== TASK REQUIREMENTS ==
"circle A1 centre" appears in one line of the records below. Output that line and each one after it, exactly, through the last line.

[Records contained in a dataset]
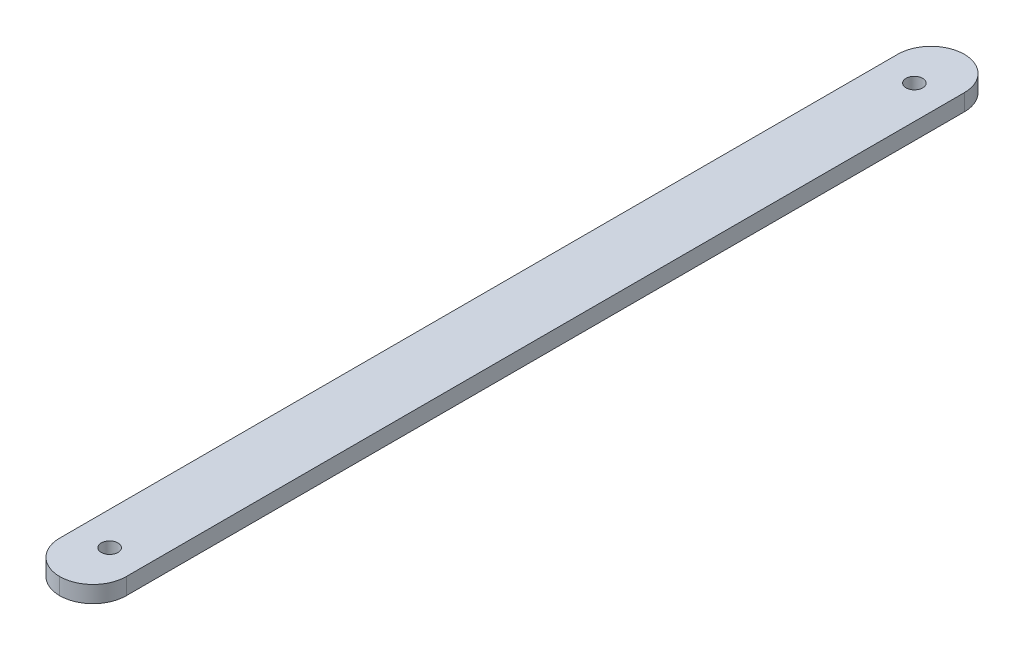
SolidWorks part; units mm, degrees
ref_plane "前视基准面" through (0, 0, 0) normal (0, 0, 1) x (1, 0, 0)
ref_plane "上视基准面" through (0, 0, 0) normal (0, 1, 0) x (1, 0, 0)
ref_plane "右视基准面" through (0, 0, 0) normal (1, 0, 0) x (0, 0, -1)
other "Configuration Table"
sketch "草图1" plane through (0, 0, 0) normal (0, 0, 1) x (1, 0, 0)
  line L1 (17.7065, 4.903) -> (-2.2935, 4.903)
  line L2 (17.7065, 4.903) -> (17.7065, -0.097)
  line L3 (17.7065, -0.097) -> (-2.2935, -0.097)
  line L4 (-2.2935, 4.903) -> (-2.2935, -0.097)
  line L5 (17.7065, 4.903) -> (-2.2935, -0.097) construction
  line L6 (17.7065, -0.097) -> (-2.2935, 4.903) construction
  point P0 (7.7065, 2.403)
  dimension "D1" = 20
  dimension "D2" = 5
extrude "凸台-拉伸1" add sketch "草图1" along normal blind 271.75
sketch "草图2" plane through (0, 0, 0) normal (0, 1, 0) x (1, 0, 0)
  line L0 (17.7065, 0) -> (-2.2935, 0) construction
  line L2 (17.7065, -271.75) -> (-2.2935, -271.75) construction
  line L3 (17.7065, -271.75) -> (17.7065, 0) construction
  line L4 (-2.2935, -271.75) -> (-2.2935, 0) construction
  circle A0 centre (7.7065, -15) radius 2.5
  circle A1 centre (7.7065, -256.75) radius 2.5
  dimension "D1" = 5
  dimension "D2" = 15
  dimension "D3" = 5
  dimension "D4" = 10
  dimension "D5" = 15
  dimension "D6" = 10
extrude "切除-拉伸1" cut sketch "草图2" against normal mid plane 251.75
fillet "圆角1" radius 10 4 edges at (-2.2935, 2.403, 0) (17.7065, 2.403, 0) (-2.2935, 2.403, 271.75) (17.7065, 2.403, 271.75)

== ANSWER TO THIS TASK ==
  circle A1 centre (7.7065, -256.75) radius 2.5
  dimension "D1" = 5
  dimension "D2" = 15
  dimension "D3" = 5
  dimension "D4" = 10
  dimension "D5" = 15
  dimension "D6" = 10
extrude "切除-拉伸1" cut sketch "草图2" against normal mid plane 251.75
fillet "圆角1" radius 10 4 edges at (-2.2935, 2.403, 0) (17.7065, 2.403, 0) (-2.2935, 2.403, 271.75) (17.7065, 2.403, 271.75)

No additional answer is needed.